EXERCISE AIM: Both the line containing "- net R1: now also" and the last line of the listing are included: write out exactly the lines from one to the other.

DATASET EXCERPTS:
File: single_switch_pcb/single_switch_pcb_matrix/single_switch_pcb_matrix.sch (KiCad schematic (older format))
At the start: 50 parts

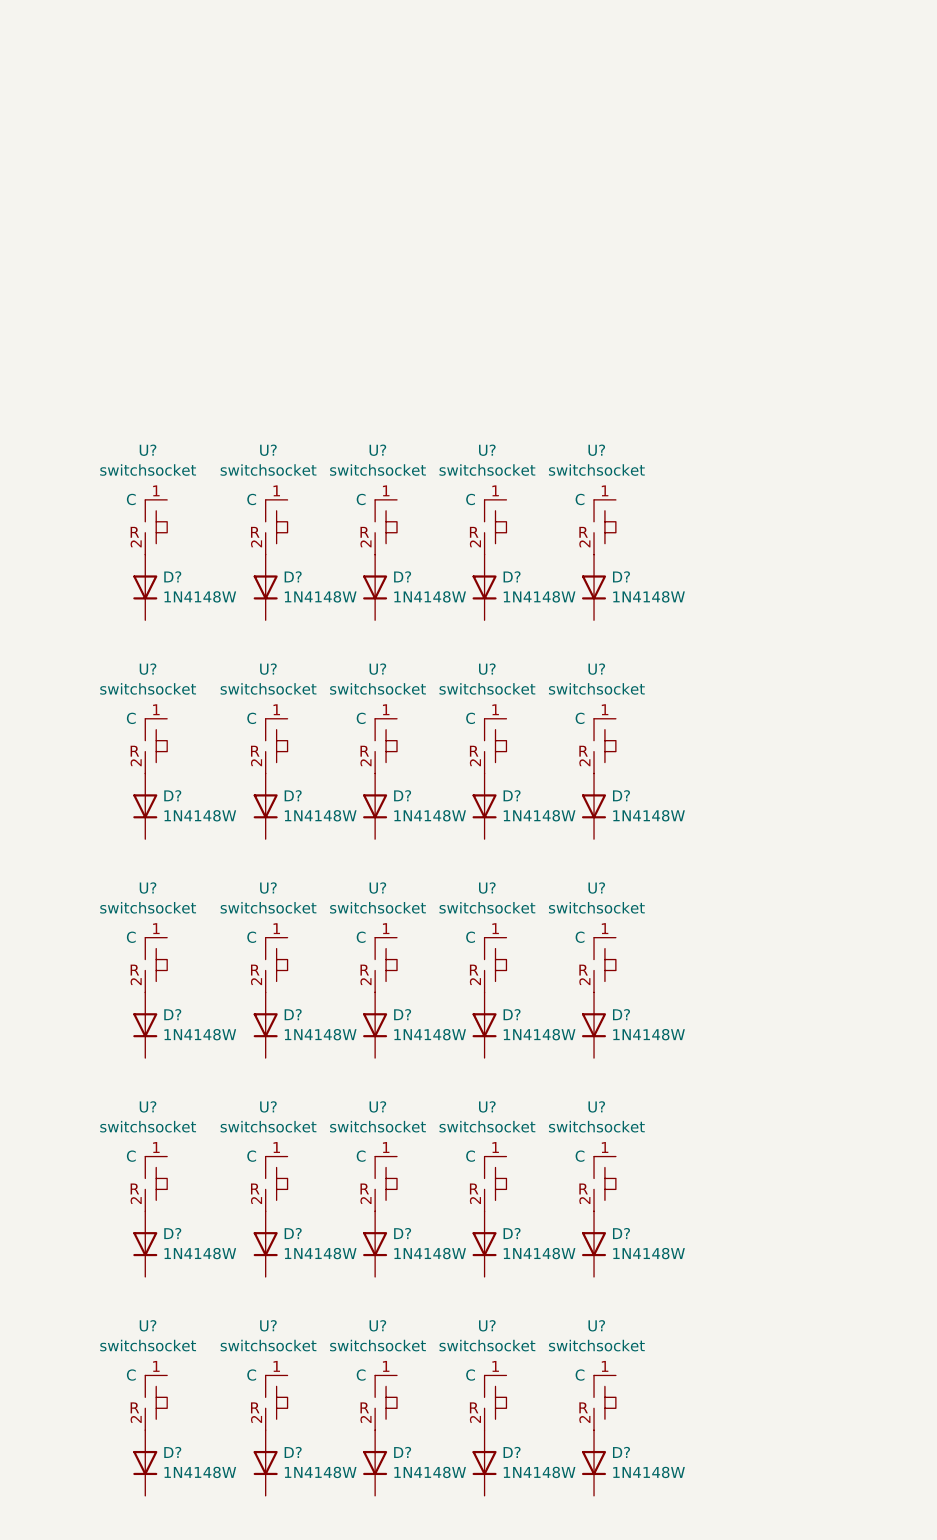
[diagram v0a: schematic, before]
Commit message: pcb matrix. done with column matrix. To do row matrix
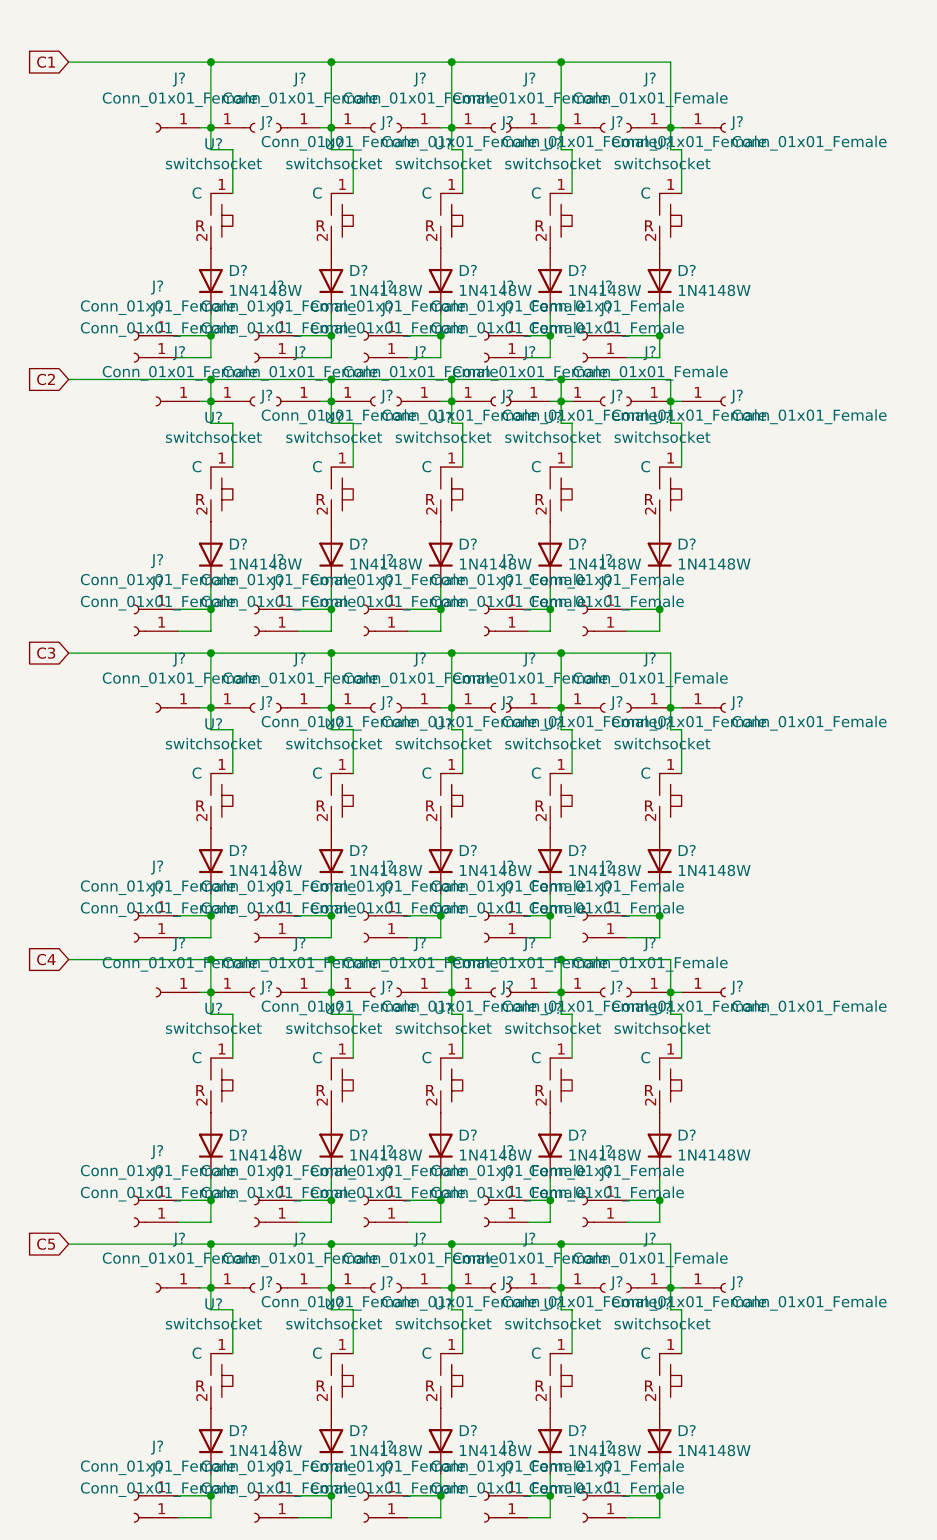
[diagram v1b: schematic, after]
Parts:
- removed D? (x20): 1N4148W, Diode_SMD:D_SOD-123, symbol Diode:1N4148W
- removed U? (x20): switchsocket, symbol hotswapsocket:switchsocket
- added D? (x20): 1N4148W, Diode_SMD:D_SOD-123, symbol Diode:1N4148W
- added J? (x100): Conn_01x01_Female, symbol Connector:Conn_01x01_Female
- added U? (x20): switchsocket, symbol hotswapsocket:switchsocket
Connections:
- net C1: now reaches U?.1 (C)
- net C1: now also U?.1 (C), U?.1 (C), U?.1 (C), U?.1 (C), J?.1 (Pin_1), J?.1 (Pin_1), J?.1 (Pin_1), J?.1 (Pin_1), J?.1 (Pin_1), J?.1 (Pin_1), J?.1 (Pin_1), J?.1 (Pin_1), J?.1 (Pin_1), J?.1 (Pin_1)
- net at D?.1 (K): now also J?.1 (Pin_1), J?.1 (Pin_1) (x5)
- new net: D?.2 (A), U?.2 (x20)
- new net: D?.1 (K), J?.1 (Pin_1), J?.1 (Pin_1) (x20)
- new net C2: J?.1 (Pin_1), J?.1 (Pin_1), J?.1 (Pin_1), J?.1 (Pin_1), J?.1 (Pin_1), J?.1 (Pin_1), J?.1 (Pin_1), J?.1 (Pin_1), J?.1 (Pin_1), J?.1 (Pin_1), U?.1 (C), U?.1 (C), U?.1 (C), U?.1 (C), U?.1 (C)
- new net C3: J?.1 (Pin_1), J?.1 (Pin_1), J?.1 (Pin_1), J?.1 (Pin_1), J?.1 (Pin_1), J?.1 (Pin_1), J?.1 (Pin_1), J?.1 (Pin_1), J?.1 (Pin_1), J?.1 (Pin_1), U?.1 (C), U?.1 (C), U?.1 (C), U?.1 (C), U?.1 (C)
- new net C4: J?.1 (Pin_1), J?.1 (Pin_1), J?.1 (Pin_1), J?.1 (Pin_1), J?.1 (Pin_1), J?.1 (Pin_1), J?.1 (Pin_1), J?.1 (Pin_1), J?.1 (Pin_1), J?.1 (Pin_1), U?.1 (C), U?.1 (C), U?.1 (C), U?.1 (C), U?.1 (C)
- new net C5: J?.1 (Pin_1), J?.1 (Pin_1), J?.1 (Pin_1), J?.1 (Pin_1), J?.1 (Pin_1), J?.1 (Pin_1), J?.1 (Pin_1), J?.1 (Pin_1), J?.1 (Pin_1), J?.1 (Pin_1), U?.1 (C), U?.1 (C), U?.1 (C), U?.1 (C), U?.1 (C)
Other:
- moved on the sheet: D?, U?

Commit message: done with row matrix. checked lines as well. move on to netlist
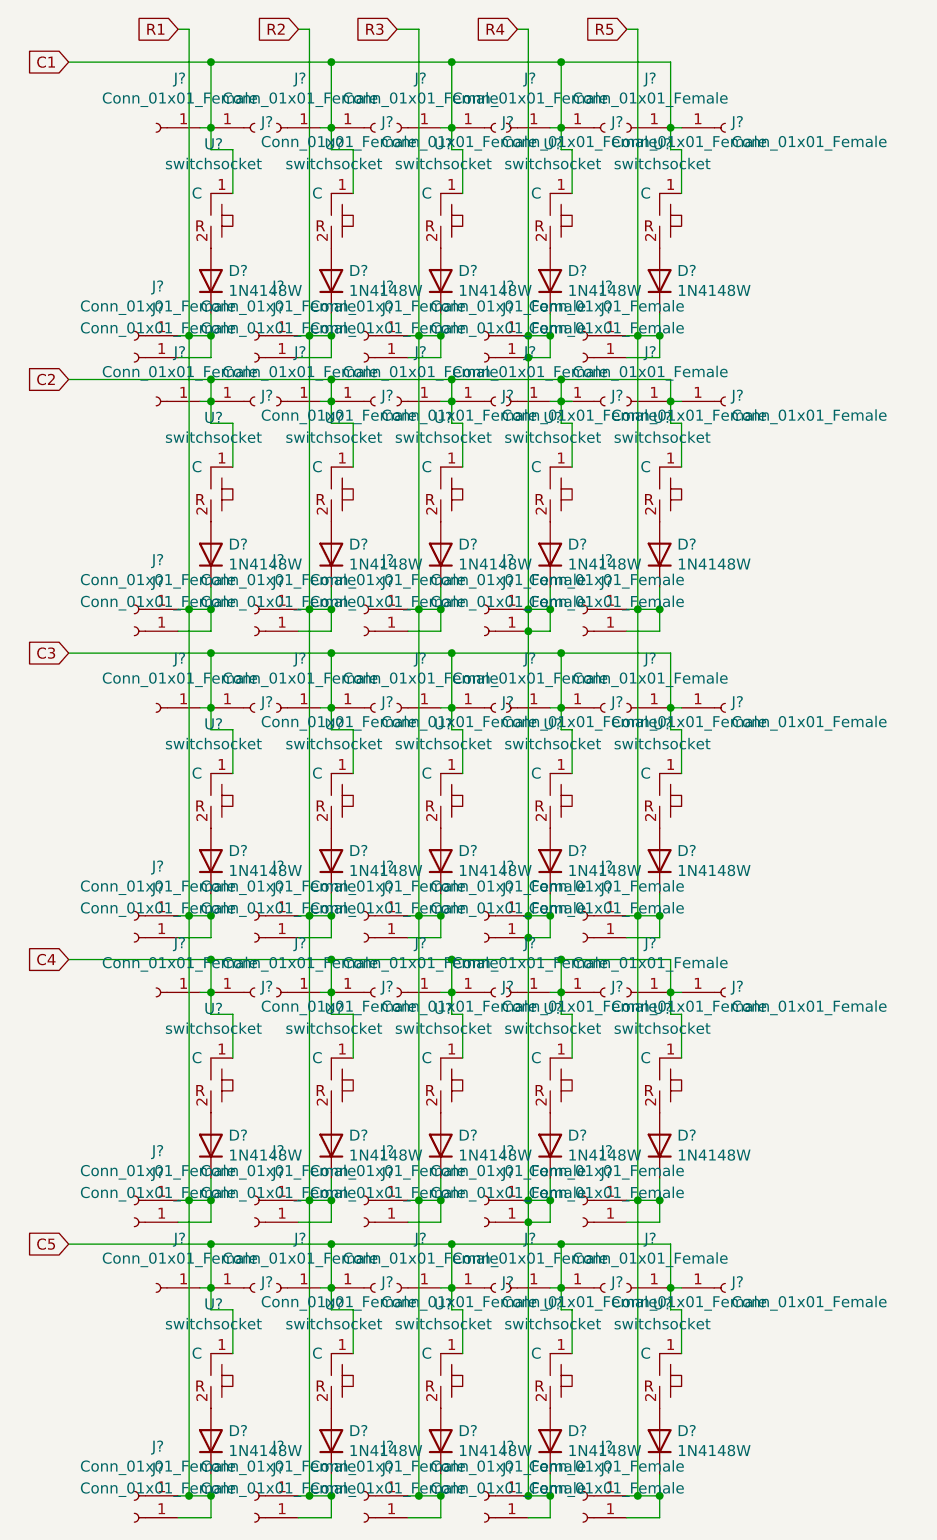
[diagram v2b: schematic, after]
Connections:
- net R1: now reaches D?.1 (K), J?.1 (Pin_1), J?.1 (Pin_1)
- net R1: now also D?.1 (K), D?.1 (K), D?.1 (K), D?.1 (K), J?.1 (Pin_1), J?.1 (Pin_1), J?.1 (Pin_1), J?.1 (Pin_1), J?.1 (Pin_1), J?.1 (Pin_1), J?.1 (Pin_1), J?.1 (Pin_1)
- net R2: now reaches D?.1 (K), J?.1 (Pin_1), J?.1 (Pin_1)
- net R2: now also D?.1 (K), D?.1 (K), D?.1 (K), D?.1 (K), J?.1 (Pin_1), J?.1 (Pin_1), J?.1 (Pin_1), J?.1 (Pin_1), J?.1 (Pin_1), J?.1 (Pin_1), J?.1 (Pin_1), J?.1 (Pin_1)
- net R3: now reaches D?.1 (K), J?.1 (Pin_1), J?.1 (Pin_1)
- net R3: now also D?.1 (K), D?.1 (K), D?.1 (K), D?.1 (K), J?.1 (Pin_1), J?.1 (Pin_1), J?.1 (Pin_1), J?.1 (Pin_1), J?.1 (Pin_1), J?.1 (Pin_1), J?.1 (Pin_1), J?.1 (Pin_1)
- net R4: now reaches D?.1 (K), J?.1 (Pin_1), J?.1 (Pin_1)
- net R4: now also D?.1 (K), D?.1 (K), D?.1 (K), D?.1 (K), J?.1 (Pin_1), J?.1 (Pin_1), J?.1 (Pin_1), J?.1 (Pin_1), J?.1 (Pin_1), J?.1 (Pin_1), J?.1 (Pin_1), J?.1 (Pin_1)
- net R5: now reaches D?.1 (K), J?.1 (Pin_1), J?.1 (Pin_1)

RESULT:
- net R1: now also D?.1 (K), D?.1 (K), D?.1 (K), D?.1 (K), J?.1 (Pin_1), J?.1 (Pin_1), J?.1 (Pin_1), J?.1 (Pin_1), J?.1 (Pin_1), J?.1 (Pin_1), J?.1 (Pin_1), J?.1 (Pin_1)
- net R2: now reaches D?.1 (K), J?.1 (Pin_1), J?.1 (Pin_1)
- net R2: now also D?.1 (K), D?.1 (K), D?.1 (K), D?.1 (K), J?.1 (Pin_1), J?.1 (Pin_1), J?.1 (Pin_1), J?.1 (Pin_1), J?.1 (Pin_1), J?.1 (Pin_1), J?.1 (Pin_1), J?.1 (Pin_1)
- net R3: now reaches D?.1 (K), J?.1 (Pin_1), J?.1 (Pin_1)
- net R3: now also D?.1 (K), D?.1 (K), D?.1 (K), D?.1 (K), J?.1 (Pin_1), J?.1 (Pin_1), J?.1 (Pin_1), J?.1 (Pin_1), J?.1 (Pin_1), J?.1 (Pin_1), J?.1 (Pin_1), J?.1 (Pin_1)
- net R4: now reaches D?.1 (K), J?.1 (Pin_1), J?.1 (Pin_1)
- net R4: now also D?.1 (K), D?.1 (K), D?.1 (K), D?.1 (K), J?.1 (Pin_1), J?.1 (Pin_1), J?.1 (Pin_1), J?.1 (Pin_1), J?.1 (Pin_1), J?.1 (Pin_1), J?.1 (Pin_1), J?.1 (Pin_1)
- net R5: now reaches D?.1 (K), J?.1 (Pin_1), J?.1 (Pin_1)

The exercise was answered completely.